START DATA IN THIS EXERCISE
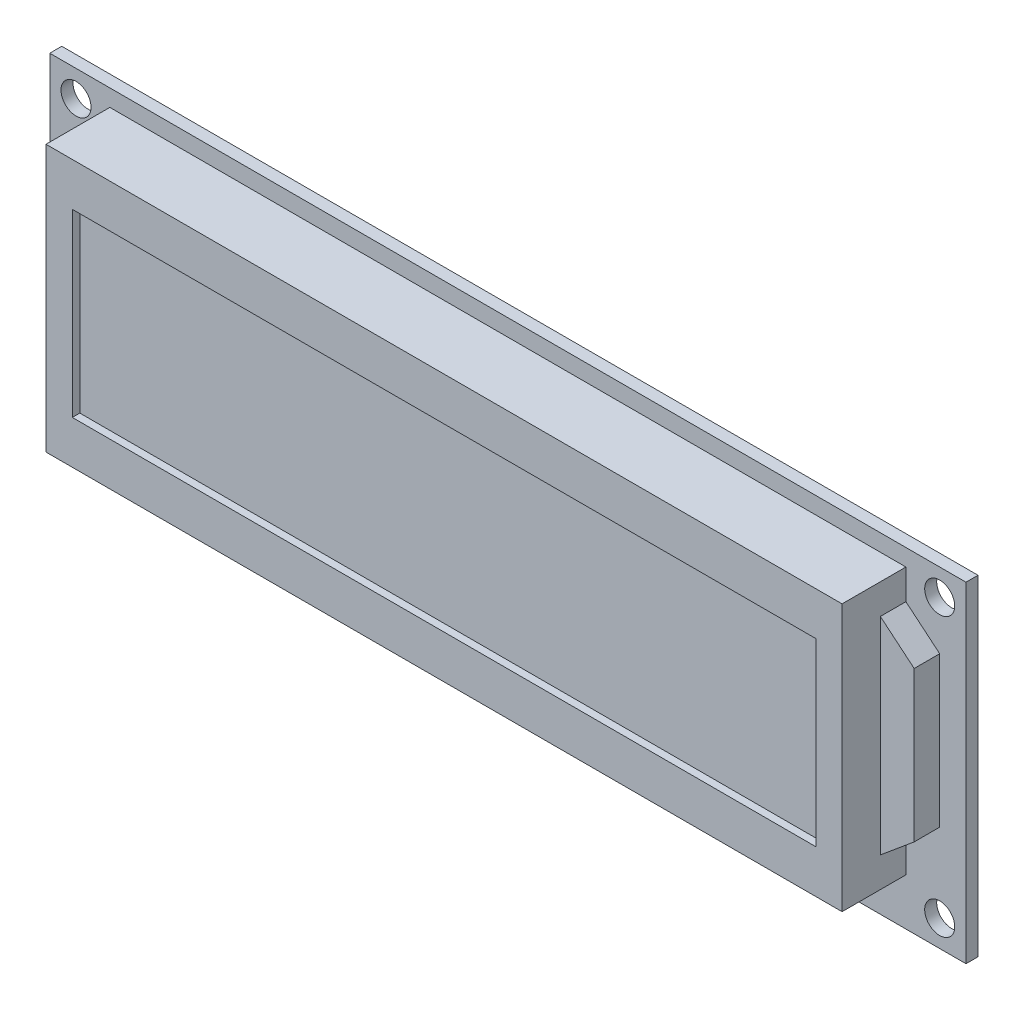
ISO-10303-21;
HEADER;
FILE_DESCRIPTION(('STEP AP214'),'2;1');
FILE_NAME('part.step','',(''),(''),'','','');
FILE_SCHEMA(('AUTOMOTIVE_DESIGN { 1 0 10303 214 1 1 1 1 }'));
ENDSEC;
DATA;
#1=APPLICATION_CONTEXT('core data for automotive mechanical design processes');
#2=APPLICATION_PROTOCOL_DEFINITION('international standard','automotive_design',2000,#1);
#3=PRODUCT_CONTEXT('',#1,'mechanical');
#4=PRODUCT('Part','Part','',(#3));
#5=PRODUCT_RELATED_PRODUCT_CATEGORY('part','',(#4));
#6=PRODUCT_DEFINITION_FORMATION('','',#4);
#7=PRODUCT_DEFINITION_CONTEXT('part definition',#1,'design');
#8=PRODUCT_DEFINITION('design','',#6,#7);
#9=PRODUCT_DEFINITION_SHAPE('','',#8);
#10=(LENGTH_UNIT() NAMED_UNIT(*) SI_UNIT(.MILLI.,.METRE.));
#11=(NAMED_UNIT(*) PLANE_ANGLE_UNIT() SI_UNIT($,.RADIAN.));
#12=(NAMED_UNIT(*) SI_UNIT($,.STERADIAN.) SOLID_ANGLE_UNIT());
#13=UNCERTAINTY_MEASURE_WITH_UNIT(LENGTH_MEASURE(1.E-05),#10,'distance_accuracy_value','');
#14=(GEOMETRIC_REPRESENTATION_CONTEXT(3) GLOBAL_UNCERTAINTY_ASSIGNED_CONTEXT((#13)) GLOBAL_UNIT_ASSIGNED_CONTEXT((#10,
#11,#12)) REPRESENTATION_CONTEXT('',''));
#15=CARTESIAN_POINT('',(0.,0.,0.));
#16=DIRECTION('',(0.,0.,1.));
#17=DIRECTION('',(1.,0.,0.));
#18=AXIS2_PLACEMENT_3D('',#15,#16,#17);
#19=CARTESIAN_POINT('',(0.,0.,1.6));
#20=DIRECTION('',(0.,0.,1.));
#21=DIRECTION('',(1.,0.,0.));
#22=AXIS2_PLACEMENT_3D('',#19,#20,#21);
#23=PLANE('',#22);
#24=CARTESIAN_POINT('',(57.5,18.5,1.6));
#25=DIRECTION('',(0.,0.,1.));
#26=DIRECTION('',(1.,0.,0.));
#27=AXIS2_PLACEMENT_3D('',#24,#25,#26);
#28=CIRCLE('',#27,2.);
#29=CARTESIAN_POINT('',(59.5,18.5,1.6));
#30=VERTEX_POINT('',#29);
#31=EDGE_CURVE('E240',#30,#30,#28,.T.);
#32=ORIENTED_EDGE('',*,*,#31,.F.);
#33=EDGE_LOOP('',(#32));
#34=FACE_BOUND('',#33,.T.);
#35=CARTESIAN_POINT('',(-57.5,18.5,1.6));
#36=DIRECTION('',(0.,0.,1.));
#37=DIRECTION('',(1.,0.,0.));
#38=AXIS2_PLACEMENT_3D('',#35,#36,#37);
#39=CIRCLE('',#38,2.);
#40=CARTESIAN_POINT('',(-55.5,18.5,1.6));
#41=VERTEX_POINT('',#40);
#42=EDGE_CURVE('E252',#41,#41,#39,.T.);
#43=ORIENTED_EDGE('',*,*,#42,.F.);
#44=EDGE_LOOP('',(#43));
#45=FACE_BOUND('',#44,.T.);
#46=DIRECTION('',(0.,-1.,0.));
#47=VECTOR('',#46,1.);
#48=CARTESIAN_POINT('',(-61.,-22.,1.6));
#49=LINE('',#48,#47);
#50=CARTESIAN_POINT('',(-61.,22.,1.6));
#51=VERTEX_POINT('',#50);
#52=CARTESIAN_POINT('',(-61.,-22.,1.6));
#53=VERTEX_POINT('',#52);
#54=EDGE_CURVE('E258',#51,#53,#49,.T.);
#55=ORIENTED_EDGE('',*,*,#54,.T.);
#56=DIRECTION('',(1.,0.,0.));
#57=VECTOR('',#56,1.);
#58=CARTESIAN_POINT('',(61.,-22.,1.6));
#59=LINE('',#58,#57);
#60=CARTESIAN_POINT('',(61.,-22.,1.6));
#61=VERTEX_POINT('',#60);
#62=EDGE_CURVE('E261',#53,#61,#59,.T.);
#63=ORIENTED_EDGE('',*,*,#62,.T.);
#64=DIRECTION('',(0.,1.,0.));
#65=VECTOR('',#64,1.);
#66=CARTESIAN_POINT('',(61.,-22.,1.6));
#67=LINE('',#66,#65);
#68=CARTESIAN_POINT('',(61.,22.,1.6));
#69=VERTEX_POINT('',#68);
#70=EDGE_CURVE('E264',#61,#69,#67,.T.);
#71=ORIENTED_EDGE('',*,*,#70,.T.);
#72=DIRECTION('',(-1.,0.,0.));
#73=VECTOR('',#72,1.);
#74=CARTESIAN_POINT('',(61.,22.,1.6));
#75=LINE('',#74,#73);
#76=EDGE_CURVE('E266',#69,#51,#75,.T.);
#77=ORIENTED_EDGE('',*,*,#76,.T.);
#78=EDGE_LOOP('',(#55,#63,#71,#77));
#79=FACE_BOUND('',#78,.T.);
#80=CARTESIAN_POINT('',(-57.5,-18.5,1.6));
#81=DIRECTION('',(0.,0.,1.));
#82=DIRECTION('',(1.,0.,0.));
#83=AXIS2_PLACEMENT_3D('',#80,#81,#82);
#84=CIRCLE('',#83,2.);
#85=CARTESIAN_POINT('',(-55.5,-18.5,1.6));
#86=VERTEX_POINT('',#85);
#87=EDGE_CURVE('E246',#86,#86,#84,.T.);
#88=ORIENTED_EDGE('',*,*,#87,.F.);
#89=EDGE_LOOP('',(#88));
#90=FACE_BOUND('',#89,.T.);
#91=CARTESIAN_POINT('',(57.5,-18.5,1.6));
#92=DIRECTION('',(0.,0.,1.));
#93=DIRECTION('',(1.,0.,0.));
#94=AXIS2_PLACEMENT_3D('',#91,#92,#93);
#95=CIRCLE('',#94,2.);
#96=CARTESIAN_POINT('',(59.5,-18.5,1.6));
#97=VERTEX_POINT('',#96);
#98=EDGE_CURVE('E234',#97,#97,#95,.T.);
#99=ORIENTED_EDGE('',*,*,#98,.F.);
#100=EDGE_LOOP('',(#99));
#101=FACE_BOUND('',#100,.T.);
#102=DIRECTION('',(0.,1.,0.));
#103=VECTOR('',#102,1.);
#104=CARTESIAN_POINT('',(53.,-15.75,1.6));
#105=LINE('',#104,#103);
#106=CARTESIAN_POINT('',(53.,15.75,1.6));
#107=VERTEX_POINT('',#106);
#108=CARTESIAN_POINT('',(53.,19.75,1.6));
#109=VERTEX_POINT('',#108);
#110=EDGE_CURVE('E221',#107,#109,#105,.T.);
#111=ORIENTED_EDGE('',*,*,#110,.F.);
#112=DIRECTION('',(-0.768221279597376,0.64018439966448,0.));
#113=VECTOR('',#112,1.);
#114=CARTESIAN_POINT('',(53.,15.75,1.6));
#115=LINE('',#114,#113);
#116=CARTESIAN_POINT('',(57.5,12.,1.6));
#117=VERTEX_POINT('',#116);
#118=EDGE_CURVE('E542',#117,#107,#115,.T.);
#119=ORIENTED_EDGE('',*,*,#118,.F.);
#120=DIRECTION('',(0.,1.,0.));
#121=VECTOR('',#120,1.);
#122=CARTESIAN_POINT('',(57.5,12.,1.6));
#123=LINE('',#122,#121);
#124=CARTESIAN_POINT('',(57.5,-8.,1.6));
#125=VERTEX_POINT('',#124);
#126=EDGE_CURVE('E536',#125,#117,#123,.T.);
#127=ORIENTED_EDGE('',*,*,#126,.F.);
#128=DIRECTION('',(0.768221279597376,0.64018439966448,0.));
#129=VECTOR('',#128,1.);
#130=CARTESIAN_POINT('',(53.,-11.75,1.6));
#131=LINE('',#130,#129);
#132=CARTESIAN_POINT('',(53.,-11.75,1.6));
#133=VERTEX_POINT('',#132);
#134=EDGE_CURVE('E540',#133,#125,#131,.T.);
#135=ORIENTED_EDGE('',*,*,#134,.F.);
#136=CARTESIAN_POINT('',(53.,-15.75,1.6));
#137=VERTEX_POINT('',#136);
#138=EDGE_CURVE('E168',#137,#133,#105,.T.);
#139=ORIENTED_EDGE('',*,*,#138,.F.);
#140=DIRECTION('',(1.,0.,0.));
#141=VECTOR('',#140,1.);
#142=CARTESIAN_POINT('',(53.,-15.75,1.6));
#143=LINE('',#142,#141);
#144=CARTESIAN_POINT('',(-53.,-15.75,1.6));
#145=VERTEX_POINT('',#144);
#146=EDGE_CURVE('E219',#145,#137,#143,.T.);
#147=ORIENTED_EDGE('',*,*,#146,.F.);
#148=DIRECTION('',(0.,-1.,0.));
#149=VECTOR('',#148,1.);
#150=CARTESIAN_POINT('',(-53.,-15.75,1.6));
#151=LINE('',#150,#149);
END DATA IN THIS EXERCISE
YOUR ASSIGNMENT:
Among the entries above, the line containing "#22=AXIS2_PLACEMENT_3D('',#19,#20,#21);", the line containing "#35=CARTESIAN_POINT('',(-57.5,18.5,1.6));", and all lines between them are to be restated word for word; nothing else belongs in the reply.

TASK OUTPUT:
#22=AXIS2_PLACEMENT_3D('',#19,#20,#21);
#23=PLANE('',#22);
#24=CARTESIAN_POINT('',(57.5,18.5,1.6));
#25=DIRECTION('',(0.,0.,1.));
#26=DIRECTION('',(1.,0.,0.));
#27=AXIS2_PLACEMENT_3D('',#24,#25,#26);
#28=CIRCLE('',#27,2.);
#29=CARTESIAN_POINT('',(59.5,18.5,1.6));
#30=VERTEX_POINT('',#29);
#31=EDGE_CURVE('E240',#30,#30,#28,.T.);
#32=ORIENTED_EDGE('',*,*,#31,.F.);
#33=EDGE_LOOP('',(#32));
#34=FACE_BOUND('',#33,.T.);
#35=CARTESIAN_POINT('',(-57.5,18.5,1.6));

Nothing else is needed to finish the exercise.